Here's basically what's going wrong:

- the HEAP8/HEAP32 variables are closure variables, which makes sense.  But our closure variable support still requires *way too many loads*.

- since the DFG cannot reason about GetClosureVar in a non-block-local way, the hottest basic block of the hottest loop of the memops benchmark ends up repeatedly loading the scope, loading the registers, loading the closure variable, type checking the thing it loaded to see that it's a typed array, and then loading the typed array's vector, and then loading from that vector.  omgwtfbbq.

There are four paths for solving this:

- The obvious: FTL JIT.  https://bugs.webkit.org/show_bug.cgi?id=112840.  This higher-tier JIT will give us LICM on all of those things, resulting in inter-block reasoning about closure variables and everything else.

- The frustrating: reduce the number of loads needed to get to a closure variable.  Reduce the number of loads needed to get to a value in a typed array.  Reduce the number of loads needed to check that something is a typed array.  And so on.

- The hilarious: constant inference for closure variables, which will make us compile the code with HEAP8/HEAP32/etc being cell constants.  Look, ma, no type checks!  I don't know if this will make any sense, though.

- The outrageous: recognize the emscripten idioms.  I don't want to do this.

I'm going to add this benchmark to our repertoire and I'll use it for FTL testing.  Before I can do that, though, I'll need to finally add typed arrays to the FTL.
Comment 7 Filip Pizlo 2013-08-20 16:49:47 PDT
Added the memops benchmark to JSRegress in http://trac.webkit.org/changeset/154376.
Comment 8 Alon Zakai 2013-08-21 17:25:05 PDT
Btw, is there something emscripten could emit differently that would be easier for JSC to optimize?
Comment 9 Filip Pizlo 2013-08-21 20:49:38 PDT
(In reply to comment #8)
> Btw, is there something emscripten could emit differently that would be easier for JSC to optimize?

Good question.  I think you're emitting optimal code, and we're just doing a poor job right now - and we will fix that.

Question though:  is the 'asm = (function ...' thing really meant to be executed once, or multiple times?  If it's meant to be executed once, then what you're doing right now is going to be optimal in the long run and we just have to get that right: closure variables that arise in run-once functions, that are initialized once and never reassigned, should be optimized down to constants in our engine.  They aren't yet but they will be eventually.  It's such an obvious trick that I wouldn't be surprised if other engines did this already.  So, I wouldn't recommend changing this aspect of your code generation even though it's a pain point for us right now.
Comment 10 Alon Zakai 2013-08-21 21:03:18 PDT
(In reply to comment #9)
> Question though:  is the 'asm = (function ...' thing really meant to be executed once, or multiple times?

Exactly once.
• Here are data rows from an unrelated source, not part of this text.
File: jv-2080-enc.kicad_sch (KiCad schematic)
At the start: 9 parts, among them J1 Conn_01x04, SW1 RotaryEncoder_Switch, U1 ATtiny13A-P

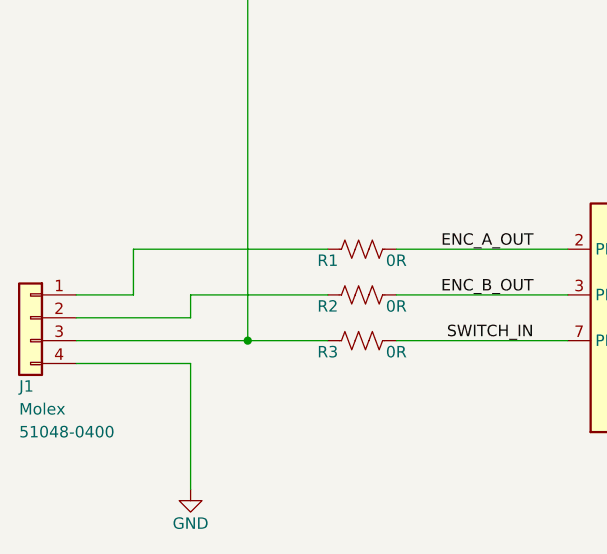
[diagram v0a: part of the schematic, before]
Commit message: Fixed miswired encoder connection. Added helpful silkscreen text. Bumped revision number from 0 to 1.
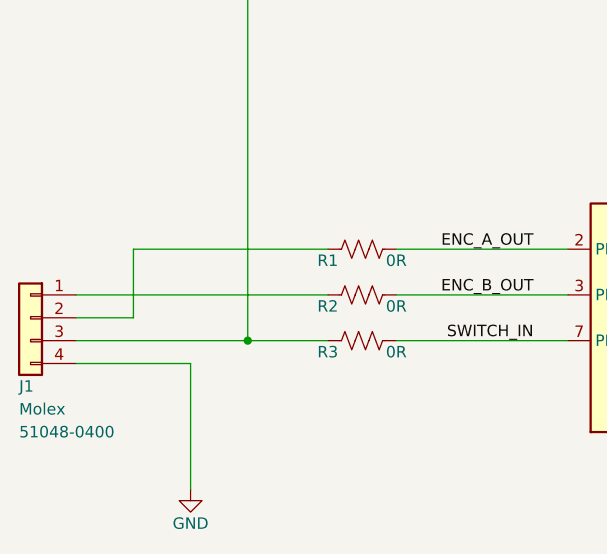
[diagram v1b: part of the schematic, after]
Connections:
- net at J1.1 (Pin_1): now also R2.1; no longer R1.1
- net at J1.2 (Pin_2): now also R1.1; no longer R2.1
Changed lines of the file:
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@@
   (title_block
     (title "REPLACEMENT ENC. BOARD FOR ROLAND 70896167")
-    (date "2022-04-09")
-    (rev "0")
+    (date "2022-05-25")
+    (rev "1")
     (company "Homo Electromagneticus")
   )
@@
   (no_connect (at 154.94 111.76))
   (wire (pts (xy 177.8 99.06) (xy 208.28 99.06))
+    (stroke (width 0) (type default) (color 0 0 0 0))
+  )
+  (wire (pts (xy 69.85 106.68) (xy 76.2 106.68))
     (stroke (width 0) (type default) (color 0 0 0 0))
   )
@@
     (stroke (width 0) (type default) (color 0 0 0 0))
   )
-  (wire (pts (xy 76.2 99.06) (xy 76.2 104.14))
+  (wire (pts (xy 76.2 99.06) (xy 76.2 106.68))
     (stroke (width 0) (type default) (color 0 0 0 0))
   )
@@
     (stroke (width 0) (type default) (color 0 0 0 0))
   )
-  (wire (pts (xy 97.79 104.14) (xy 82.55 104.14))
-    (stroke (width 0) (type default) (color 0 0 0 0))
-  )
-  (wire (pts (xy 69.85 104.14) (xy 76.2 104.14))
+  (wire (pts (xy 69.85 104.14) (xy 97.79 104.14))
     (stroke (width 0) (type default) (color 0 0 0 0))
   )
@@
     (stroke (width 0) (type default) (color 0 0 0 0))
   )
-  (wire (pts (xy 82.55 104.14) (xy 82.55 106.68))
-    (stroke (width 0) (type default) (color 0 0 0 0))
-  )
   (wire (pts (xy 152.4 76.2) (xy 152.4 78.74))
     (stroke (width 0) (type default) (color 0 0 0 0))
@@
     (stroke (width 0) (type default) (color 0 0 0 0))
   )
-  (wire (pts (xy 69.85 106.68) (xy 82.55 106.68))
-    (stroke (width 0) (type default) (color 0 0 0 0))
-  )

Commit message: Added manufacturer and part number details to necessary circuit elements.
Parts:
- C1: Manuf (none) -> Nichicon; Manuf PN (none) -> UVY1E101MDD
- C2, C3: Manuf (none) -> Kemet; Manuf PN (none) -> R82EC1470AA50K
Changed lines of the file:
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@@
       (effects (font (size 1.27 1.27)) hide)
     )
-    (property "Datasheet" "~" (id 3) (at 152.4 82.55 0)
+    (property "Datasheet" "https://www.nichicon.co.jp/english/products/pdfs/e-uvy.pdf" (id 3) (at 152.4 82.55 0)
+      (effects (font (size 1.27 1.27)) hide)
+    )
+    (property "Manuf" "Nichicon" (id 4) (at 152.4 82.55 0)
+      (effects (font (size 1.27 1.27)) hide)
+    )
+    (property "Manuf PN" "UVY1E101MDD" (id 5) (at 152.4 82.55 0)
       (effects (font (size 1.27 1.27)) hide)
     )
@@
       (effects (font (size 1.27 1.27)) hide)
     )
-    (property "Datasheet" "~" (id 3) (at 190.5 114.3 0)
+    (property "Datasheet" "https://content.kemet.com/datasheets/KEM_F3101_R82.pdf" (id 3) (at 190.5 114.3 0)
+      (effects (font (size 1.27 1.27)) hide)
+    )
+    (property "Manuf" "Kemet" (id 4) (at 190.5 114.3 0)
+      (effects (font (size 1.27 1.27)) hide)
+    )
+    (property "Manuf PN" "R82EC1470AA50K" (id 5) (at 190.5 114.3 0)
       (effects (font (size 1.27 1.27)) hide)
     )
@@
       (effects (font (size 1.27 1.27)) hide)
     )
-    (property "Datasheet" "~" (id 3) (at 215.9 94.996 0)
+    (property "Datasheet" "https://www.mouser.ca/datasheet/2/54/PEC11R-777457.pdf" (id 3) (at 215.9 94.996 0)
       (effects (font (size 1.27 1.27)) hide)
     )
@@
       (effects (font (size 1.27 1.27)) hide)
     )
-    (property "Datasheet" "~" (id 3) (at 177.8 114.3 0)
-      (effects (font (size 1.27 1.27)) hide)
-    )
+    (property "Datasheet" "https://content.kemet.com/datasheets/KEM_F3101_R82.pdf" (id 3) (at 177.8 114.3 0)
+      (effects (font (size 1.27 1.27)) hide)
+    )
+    (property "Manuf" "Kemet" (id 4) (at 177.8 114.3 0)
+      (effects (font (size 1.27 1.27)) hide)
+    )
+    (property "Manuf PN" "R82EC1470AA50K" (id 5) (at 177.8 114.3 0)
+      (effects (font (size 1.27 1.27)) hide)
+    )

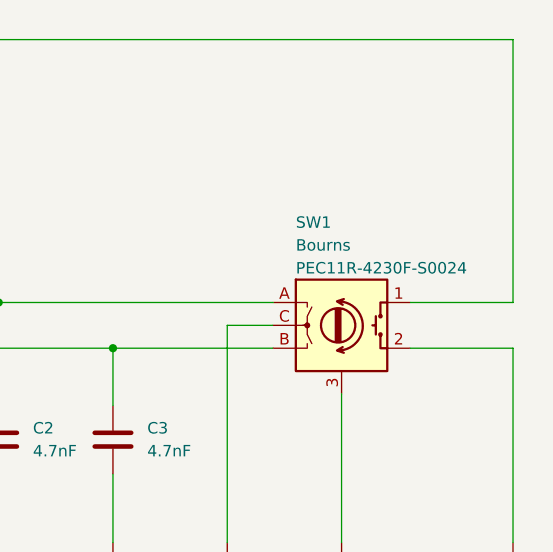
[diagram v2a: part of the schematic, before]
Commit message: Corrected part number of the rotary encoder
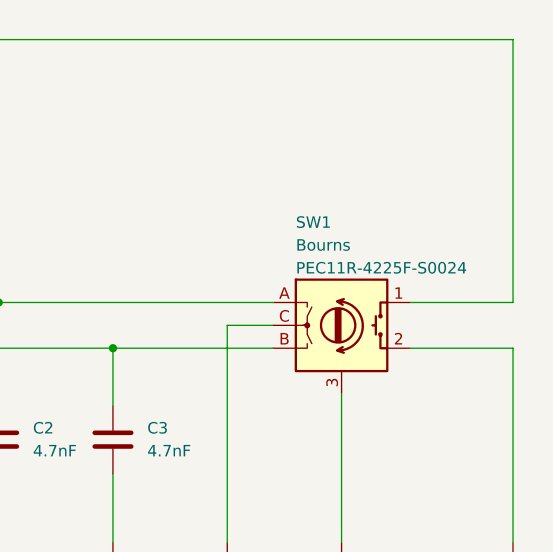
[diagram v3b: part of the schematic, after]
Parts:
- SW1: Manuf PN PEC11R-4230F-S0024 -> PEC11R-4225F-S0024
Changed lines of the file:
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@@
   (title_block
     (title "REPLACEMENT ENC. BOARD FOR ROLAND 70896167")
-    (date "2022-05-25")
+    (date "2022-06-12")
     (rev "1")
     (company "Homo Electromagneticus")
@@
       (effects (font (size 1.27 1.27)) (justify left))
     )
-    (property "Manuf PN" "PEC11R-4230F-S0024" (id 5) (at 210.82 95.25 0)
-      (effects (font (size 1.27 1.27)) (justify left))
-    )
+    (property "Manuf PN" "PEC11R-4225F-S0024" (id 5) (at 210.82 95.25 0)
+      (effects (font (size 1.27 1.27)) (justify left))
+    )

The function is not named and immediately executed, so there is in fact no way to execute it more than once. And as you say, the important locals inside it like HEAP8 are assigned to exactly once, so there is a guarantee that it is ok to optimize accesses of them.

> If it's meant to be executed once, then what you're doing right now is going to be optimal in the long run and we just have to get that right: closure variables that arise in run-once functions, that are initialized once and never reassigned, should be optimized down to constants in our engine.  They aren't yet but they will be eventually.  It's such an obvious trick that I wouldn't be surprised if other engines did this already.

Yes, sm does something along those lines. Not sure what v8 does.
Comment 11 Filip Pizlo 2014-07-02 15:31:56 PDT
I believe that this is no longer a problem.

*** This bug has been marked as a duplicate of bug 112840 ***